The museum is a modest, two-story building undergoing some fairly major renovations. Most of the downstairs level is closed, but the second floor, including a room featuring a series of biographical dioramas, is open to the public. The dioramas are what you’d expect: humble, cute, vaguely embarrassing tableaux of scenes familiar to me from Sir Richard Attenborough’s film, including the horrific Jallianwala Bagh massacre at which 379 unarmed Indian civilians were gunned down by the British Army in 1919.
This is the cabinet I am standing beside when a group of middle-aged, British businessmen enter the room. There are maybe six of them, led by an Indian guide. I’m not sure if it’s the context or not, but to me the businessmen seem obnoxiously disinterested. They drift from one diorama to the next, checking their cellphones and PDAs, muttering to one another. I want to grab the pinkest, fattest one by the jowls and shake him and scream, “Pay attention, you stupid motherfucker! Your people made this necessary!” And then, instead of resorting to any further violence, I’d apply the pacifist, Gandhian principle of satyagraha and take my leave.

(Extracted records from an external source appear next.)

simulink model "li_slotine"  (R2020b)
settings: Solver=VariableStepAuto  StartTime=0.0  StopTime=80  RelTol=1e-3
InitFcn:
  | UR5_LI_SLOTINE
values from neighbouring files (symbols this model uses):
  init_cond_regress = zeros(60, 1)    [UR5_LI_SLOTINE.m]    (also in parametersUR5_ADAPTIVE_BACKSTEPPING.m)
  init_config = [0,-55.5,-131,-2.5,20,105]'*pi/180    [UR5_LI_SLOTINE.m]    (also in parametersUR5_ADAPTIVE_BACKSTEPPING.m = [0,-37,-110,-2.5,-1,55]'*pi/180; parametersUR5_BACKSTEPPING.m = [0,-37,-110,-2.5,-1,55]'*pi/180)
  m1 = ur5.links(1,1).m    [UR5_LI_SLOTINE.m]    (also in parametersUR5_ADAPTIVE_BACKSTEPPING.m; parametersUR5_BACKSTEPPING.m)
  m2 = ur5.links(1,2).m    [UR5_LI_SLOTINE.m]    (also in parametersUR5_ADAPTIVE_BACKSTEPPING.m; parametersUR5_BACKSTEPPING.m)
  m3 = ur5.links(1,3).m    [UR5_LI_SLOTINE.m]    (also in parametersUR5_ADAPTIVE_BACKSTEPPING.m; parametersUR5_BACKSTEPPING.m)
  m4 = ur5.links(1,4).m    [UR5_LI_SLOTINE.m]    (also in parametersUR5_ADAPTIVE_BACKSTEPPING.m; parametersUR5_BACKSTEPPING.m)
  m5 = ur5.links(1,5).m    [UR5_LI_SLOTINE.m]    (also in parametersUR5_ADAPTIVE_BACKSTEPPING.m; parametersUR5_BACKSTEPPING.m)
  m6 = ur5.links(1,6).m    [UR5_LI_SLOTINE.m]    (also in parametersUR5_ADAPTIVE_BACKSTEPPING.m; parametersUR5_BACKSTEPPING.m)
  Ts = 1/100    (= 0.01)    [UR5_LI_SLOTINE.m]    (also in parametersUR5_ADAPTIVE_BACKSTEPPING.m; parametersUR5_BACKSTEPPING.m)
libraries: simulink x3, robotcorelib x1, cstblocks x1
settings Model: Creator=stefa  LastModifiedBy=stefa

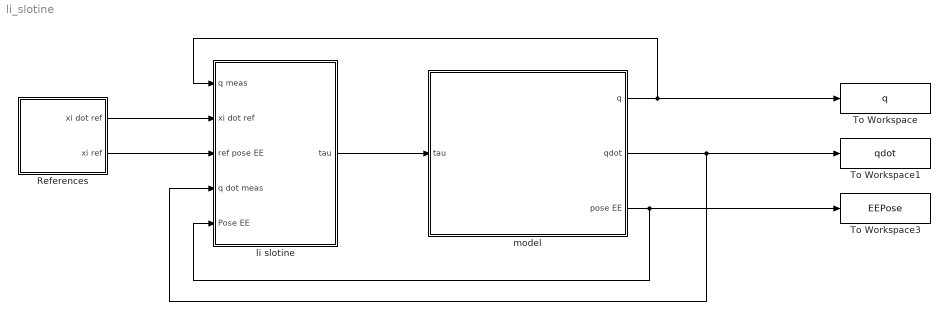
== system li_slotine ==
  References : Subsystem
  To Workspace : ToWorkspace  VariableName=q  SaveFormat=Timeseries  SampleTime=Ts
  To Workspace1 : ToWorkspace  VariableName=qdot  SaveFormat=Timeseries  SampleTime=Ts
  To Workspace3 : ToWorkspace  VariableName=EEPose  SaveFormat=Timeseries  SampleTime=Ts
  li slotine : Subsystem  StopFcn=show_results
  model : Subsystem
  wires:
  li slotine/1(tau) -> model/1(tau)
  model/1(q) -> li slotine/1(q meas), To Workspace/1
  model/2(qdot) -> li slotine/4(q dot meas), To Workspace1/1
  model/3(pose EE) -> li slotine/5(Pose EE), To Workspace3/1
  References/2(xi ref) -> li slotine/3(ref pose EE)
  References/1(xi dot ref) -> li slotine/2(xi dot ref)

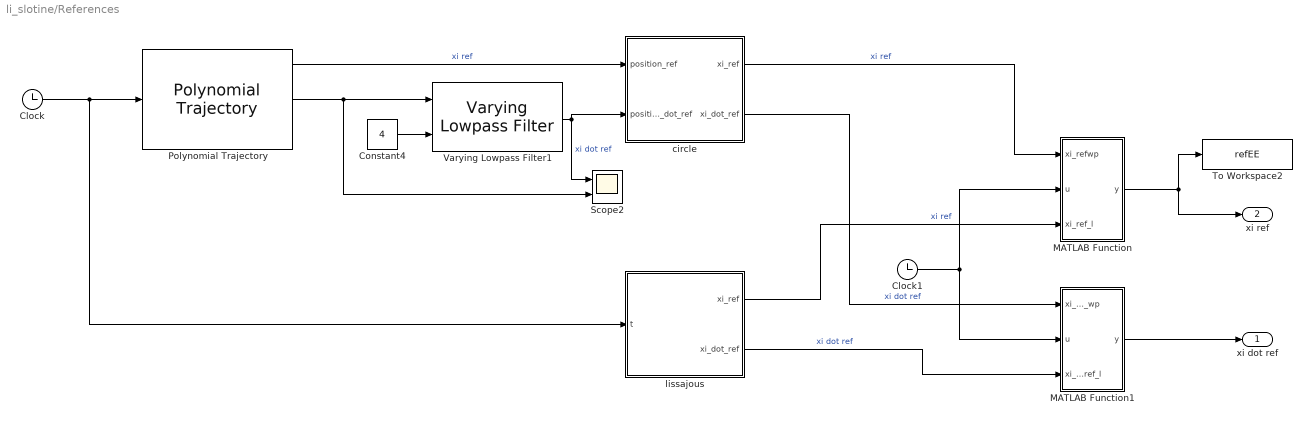
== system li_slotine/References ==
  Clock : Clock
  Clock1 : Clock
  Constant4 : Constant  Value=4
  MATLAB Function : MATLAB Function  TreatAsAtomicUnit=on
  MATLAB Function1 : MATLAB Function  TreatAsAtomicUnit=on
  Polynomial Trajectory : robotcorelib/Polynomial Trajectory  WaypointSource=Internal  Waypoints=waypoints  TimePoints=timepoints  TimeInterval=[ 1, 4 ]  Method=Cubic Polynomial  ParameterSource=Internal  VelocityBoundaryCondition=velocitybc  AccelerationBoundaryCondition=zeros( 2, 5 )  SimulateUsing=Interpreted execution
  Scope2 : Scope  NumInputPorts=2
  To Workspace2 : ToWorkspace  VariableName=refEE  SaveFormat=Timeseries  SampleTime=Ts
  Varying Lowpass Filter1 : cstblocks/Linear Parameter Varying/Varying Lowpass Filter  N=1
  circle : MATLAB Function  TreatAsAtomicUnit=on
  lissajous : MATLAB Function  TreatAsAtomicUnit=on
  xi dot ref : Outport
  xi ref : Outport  Port=2
  wires:
  lissajous/2(xi_dot_ref) -> MATLAB Function1/3(xi_dot_ref_l)  "xi dot ref"
  Polynomial Trajectory/2 -> Scope2/2, Varying Lowpass Filter1/1
  Constant4/1 -> Varying Lowpass Filter1/2
  circle/2(xi_dot_ref) -> MATLAB Function1/1(xi_dot_ref_wp)  "xi dot ref"
  Varying Lowpass Filter1/1 -> Scope2/1, circle/2(position_dot_ref)  "xi dot ref"
  circle/1(xi_ref) -> MATLAB Function/1(xi_refwp)  "xi ref"
  Clock/1 -> lissajous/1(t), Polynomial Trajectory/1
  Polynomial Trajectory/1 -> circle/1(position_ref)  "xi ref"
  lissajous/1(xi_ref) -> MATLAB Function/3(xi_ref_l)  "xi ref"
  MATLAB Function/1(y) -> xi ref/1, To Workspace2/1
  MATLAB Function1/1(y) -> xi dot ref/1
  Clock1/1 -> MATLAB Function1/2(u), MATLAB Function/2(u)

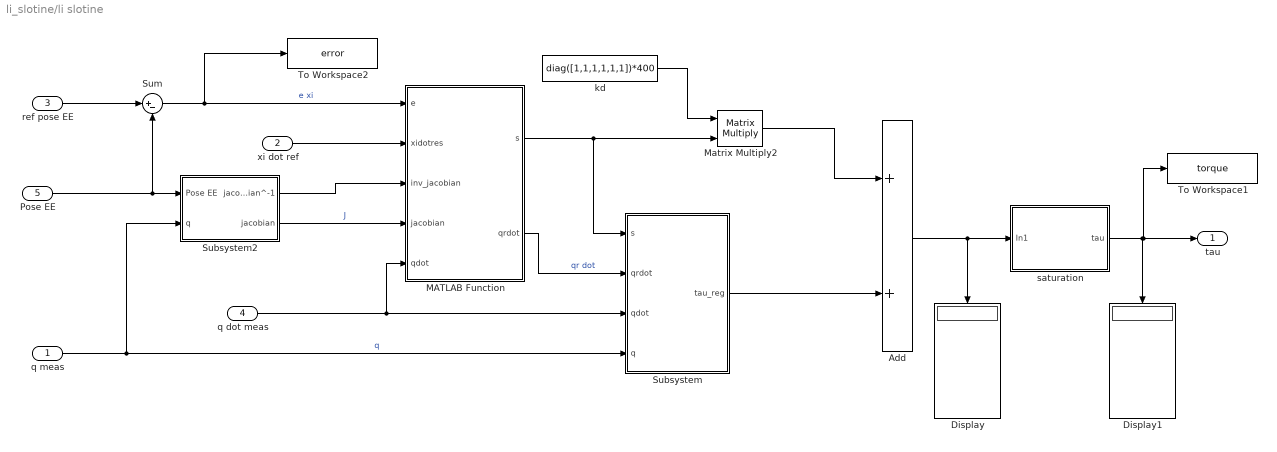
== system li_slotine/li slotine ==
  q meas : Inport
  xi dot ref : Inport  Port=2
  ref pose EE : Inport  Port=3
  q dot meas : Inport  Port=4
  Pose EE : Inport  Port=5
  Add : Sum
  Display : Display
  Display1 : Display
  MATLAB Function : MATLAB Function  TreatAsAtomicUnit=on
  Matrix Multiply2 : Product  Multiplication=Matrix(*)
  Subsystem : Subsystem
  Subsystem2 : Subsystem
  Sum : Sum  Inputs=|+-
  To Workspace1 : ToWorkspace  VariableName=torque  SaveFormat=Timeseries  SampleTime=Ts
  To Workspace2 : ToWorkspace  VariableName=error  SaveFormat=Timeseries  SampleTime=Ts
  kd : Constant  Value=diag([1,1,1,1,1,1])*400
  saturation : Subsystem
  tau : Outport
  wires:
  Add/1 -> saturation/1(In1), Display/1
  q meas/1 -> Subsystem/4(q), Subsystem2/2(q)  "q"
  MATLAB Function/2(qrdot) -> Subsystem/2(qrdot)  "qr dot"
  q dot meas/1 -> Subsystem/3(qdot), MATLAB Function/5(qdot)
  ref pose EE/1 -> Sum/1
  Pose EE/1 -> Sum/2, Subsystem2/1(Pose EE)
  Sum/1 -> To Workspace2/1, MATLAB Function/1(e)  "e xi"
  Subsystem2/1(jacobian^-1) -> MATLAB Function/3(inv_jacobian)
  Subsystem2/2(jacobian) -> MATLAB Function/4(jacobian)  "J"
  MATLAB Function/1(s) -> Subsystem/1(s), Matrix Multiply2/2
  Matrix Multiply2/1 -> Add/1
  kd/1 -> Matrix Multiply2/1
  xi dot ref/1 -> MATLAB Function/2(xidotres)
  Subsystem/1(tau_reg) -> Add/2
  saturation/1(tau) -> tau/1, To Workspace1/1, Display1/1

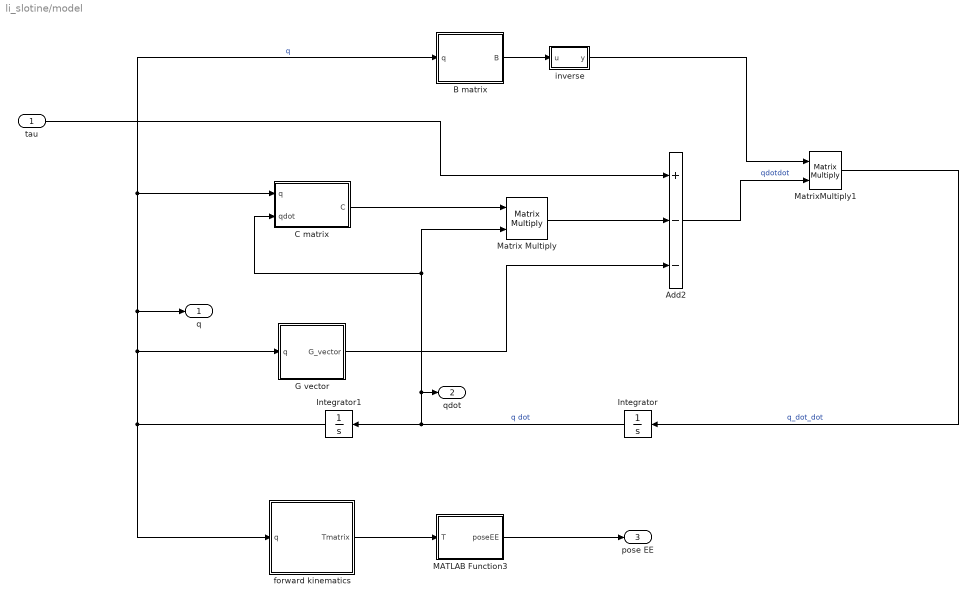
== system li_slotine/model ==
  tau : Inport
  Add2 : Sum  Inputs=+--
  B matrix : MATLAB Function  TreatAsAtomicUnit=on
  C matrix : MATLAB Function  TreatAsAtomicUnit=on
  G vector : MATLAB Function  TreatAsAtomicUnit=on
  Integrator : Integrator  InitialCondition=[0,0,0,0,0,0]'
  Integrator1 : Integrator  InitialCondition=init_config
  MATLAB Function3 : MATLAB Function  TreatAsAtomicUnit=on
  Matrix Multiply : Product  Multiplication=Matrix(*)
  MatrixMultiply1 : Product  Multiplication=Matrix(*)
  forward kinematics : MATLAB Function  TreatAsAtomicUnit=on
  inverse : MATLAB Function  TreatAsAtomicUnit=on
  q : Outport
  qdot : Outport  Port=2
  pose EE : Outport  Port=3
  wires:
  MatrixMultiply1/1 -> Integrator/1  "q_dot_dot"
  B matrix/1(B) -> inverse/1(u)
  inverse/1(y) -> MatrixMultiply1/1
  tau/1 -> Add2/1
  Matrix Multiply/1 -> Add2/2
  C matrix/1(C) -> Matrix Multiply/1
  Integrator/1 -> C matrix/2(qdot), Matrix Multiply/2, qdot/1, Integrator1/1  "q dot"
  Integrator1/1 -> G vector/1(q), q/1, B matrix/1(q), C matrix/1(q), forward kinematics/1(q)  "q"
  G vector/1(G_vector) -> Add2/3
  Add2/1 -> MatrixMultiply1/2  "qdotdot"
  forward kinematics/1(Tmatrix) -> MATLAB Function3/1(T)
  MATLAB Function3/1(poseEE) -> pose EE/1

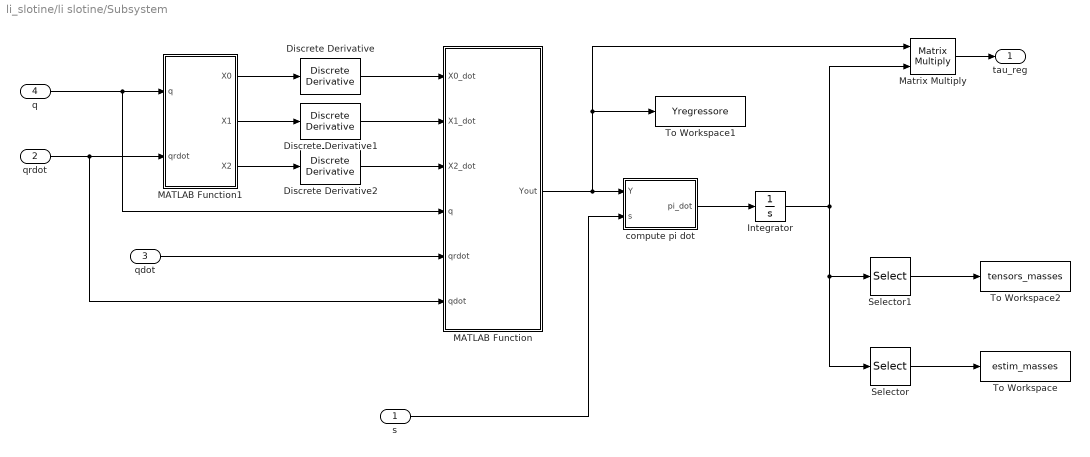
== system li_slotine/li slotine/Subsystem ==
  s : Inport
  qrdot : Inport  Port=2
  qdot : Inport  Port=3
  q : Inport  Port=4
  Discrete Derivative : simulink/Discrete/Discrete Derivative  gainval=1.0  ICPrevScaledInput=0.0  OutMin=[]  OutMax=[]  OutDataType=fixdt(1, 16)  OutScaling=2^-10  DoSatur=off
  Discrete Derivative1 : simulink/Discrete/Discrete Derivative  gainval=1.0  ICPrevScaledInput=0.0  OutMin=[]  OutMax=[]  OutDataType=fixdt(1, 16)  OutScaling=2^-10  DoSatur=off
  Discrete Derivative2 : simulink/Discrete/Discrete Derivative  gainval=1.0  ICPrevScaledInput=0.0  OutMin=[]  OutMax=[]  OutDataType=fixdt(1, 16)  OutScaling=2^-10  DoSatur=off
  Integrator : Integrator  InitialCondition=init_cond_regress
  MATLAB Function : MATLAB Function  TreatAsAtomicUnit=on
  MATLAB Function1 : MATLAB Function  TreatAsAtomicUnit=on
  Matrix Multiply : Product  Multiplication=Matrix(*)
  Selector : Selector  InputPortWidth=60  IndexOptions=Index vector (dialog)  Indices=[1:6]  OutputSizes=1
  Selector1 : Selector  InputPortWidth=60  IndexOptions=Index vector (dialog)  Indices=[25:60]  OutputSizes=1
  To Workspace : ToWorkspace  VariableName=estim_masses  SaveFormat=Timeseries  SampleTime=Ts
  To Workspace1 : ToWorkspace  VariableName=Yregressore  SaveFormat=Timeseries  SampleTime=Ts
  To Workspace2 : ToWorkspace  VariableName=tensors_masses  SaveFormat=Timeseries  SampleTime=Ts
  compute pi dot : MATLAB Function  TreatAsAtomicUnit=on
  tau_reg : Outport
  wires:
  q/1 -> MATLAB Function/4(q), MATLAB Function1/1(q)
  qrdot/1 -> MATLAB Function/6(qdot), MATLAB Function1/2(qrdot)
  MATLAB Function1/1(X0) -> Discrete Derivative/1
  MATLAB Function1/2(X1) -> Discrete Derivative1/1
  MATLAB Function1/3(X2) -> Discrete Derivative2/1
  Discrete Derivative/1 -> MATLAB Function/1(X0_dot)
  Discrete Derivative1/1 -> MATLAB Function/2(X1_dot)
  Discrete Derivative2/1 -> MATLAB Function/3(X2_dot)
  qdot/1 -> MATLAB Function/5(qrdot)
  MATLAB Function/1(Yout) -> Matrix Multiply/1, To Workspace1/1, compute pi dot/1(Y)
  compute pi dot/1(pi_dot) -> Integrator/1
  s/1 -> compute pi dot/2(s)
  Integrator/1 -> Selector/1, Selector1/1, Matrix Multiply/2
  Matrix Multiply/1 -> tau_reg/1
  Selector/1 -> To Workspace/1
  Selector1/1 -> To Workspace2/1

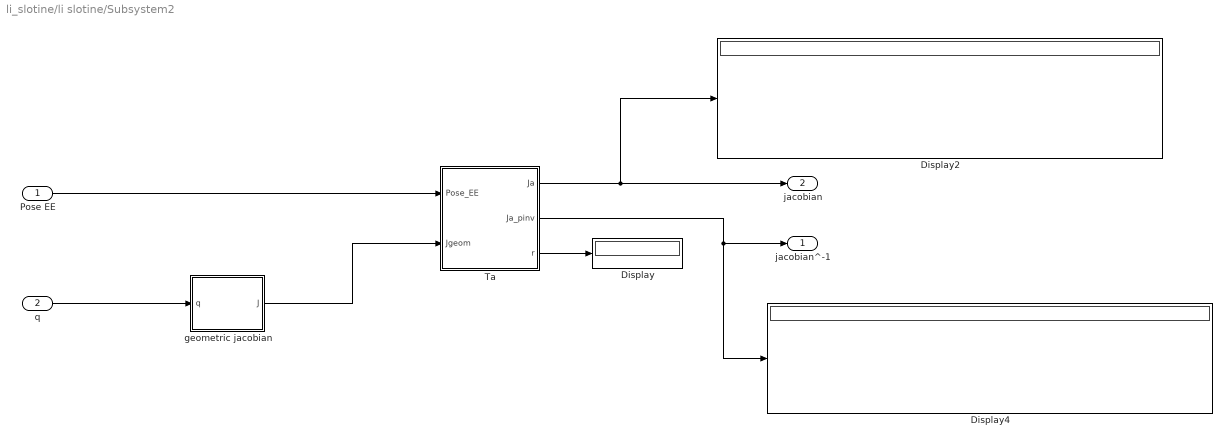
== system li_slotine/li slotine/Subsystem2 ==
  Pose EE : Inport
  q : Inport  Port=2
  Display : Display
  Display2 : Display
  Display4 : Display
  Ta : MATLAB Function  TreatAsAtomicUnit=on
  geometric jacobian : MATLAB Function  TreatAsAtomicUnit=on
  jacobian^-1 : Outport
  jacobian : Outport  Port=2
  wires:
  Pose EE/1 -> Ta/1(Pose_EE)
  q/1 -> geometric jacobian/1(q)
  Ta/2(Ja_pinv) -> jacobian^-1/1, Display4/1
  Ta/1(Ja) -> jacobian/1, Display2/1
  Ta/3(r) -> Display/1
  geometric jacobian/1(J) -> Ta/2(Jgeom)

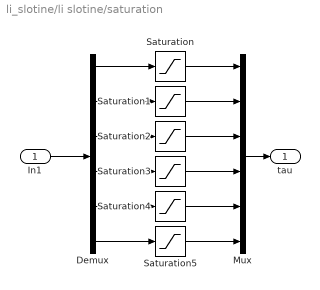
== system li_slotine/li slotine/saturation ==
  In1 : Inport
  Demux : Demux  Outputs=6
  Mux : Mux  Inputs=6
  Saturation : Saturate  UpperLimit=150  LowerLimit=-150
  Saturation1 : Saturate  UpperLimit=150  LowerLimit=-150
  Saturation2 : Saturate  UpperLimit=150  LowerLimit=-150
  Saturation3 : Saturate  UpperLimit=28  LowerLimit=-28
  Saturation4 : Saturate  UpperLimit=28  LowerLimit=-28
  Saturation5 : Saturate  UpperLimit=28  LowerLimit=-28
  tau : Outport
  wires:
  In1/1 -> Demux/1
  Mux/1 -> tau/1
  Demux/1 -> Saturation/1
  Demux/2 -> Saturation1/1
  Demux/3 -> Saturation2/1
  Demux/4 -> Saturation3/1
  Demux/5 -> Saturation4/1
  Demux/6 -> Saturation5/1
  Saturation/1 -> Mux/1
  Saturation1/1 -> Mux/2
  Saturation2/1 -> Mux/3
  Saturation3/1 -> Mux/4
  Saturation4/1 -> Mux/5
  Saturation5/1 -> Mux/6

== matlab function li_slotine/model/forward kinematics ==
  data: q input; Tmatrix output
function Tmatrix = fkine(q)
%#codegen

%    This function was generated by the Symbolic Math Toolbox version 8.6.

Of course, all I do is take my leave. I slip out of the room and down the hall, where Gandhi’s bedroom has been preserved as he left it. The room consists of a sleeping mat, a simple dhoti and a spinning wheel—the central image on the Indian flag. Looking into the bedroom of one of the greatest men in history, I try to have a moment. I want my trip to culminate here in something significant: an epiphany cast in a ray of sunlight from the heavens. But I wait and nothing comes.
On my way out of the museum, I pass the businessmen again. They are in front of the diorama of the Jallianwala Bagh massacre. The looks on their faces are severe, hushed, reverential. The fat one is shaking his head as the guide details the gruesome events. It is obvious that none of them has ever heard this story before. They are rapt. They look horrified and ashamed.
But then I am outside, sprinting down the street after Ravi on our way to the car. When I get in and we begin the drive up through Bombay to my cousin’s apartment, I realize that I am essentially, from this point on, beginning my journey home.
Back at Nanaji’s house, packing my things, I start to worry that it’s my last night in India and I still haven’t come up with anything significant from my trip. I haven’t learned anything, really, about Kashmir. I don’t feel any more worthy of being “the last of the Mallas” after being here for a month than I did before I came. If anything, I’m more of an outsider: not part of the crush of young elite barreling into the future, and not like Rohit, either, with a clear view of the past.
The next morning, Ravi drives me to the airport. As we turn onto one of Bombay’s sleek new expressways, a billboard for some ambiguously technological company boasts, “Marching Toward Excellence.” This seems an apt articulation of India itself these days—an army of snappily dressed urbanites, briefcases in one hand and MBAs in the other, parading toward some approximation of success. But then there are young guys like Rohit. How do Gandhi’s comparably parochial ideals—on which the country’s independence were built—figure into the future?
I will leave India not with answers, but more questions than I had before I came. This country is too complex, too full of contradictions and anomalies, to even begin to understand it in under a month. That I came here with the expectation of gaining cultural, let alone personal, enlightenment has proven ridiculous. Instead, like India itself, I feel flanked by my family’s past and future; the present, where I am caught, is nothing more than what happens in between.
So, I have nothing of substance to go home with—and tomorrow, I will leave. But very soon, I know I must come back.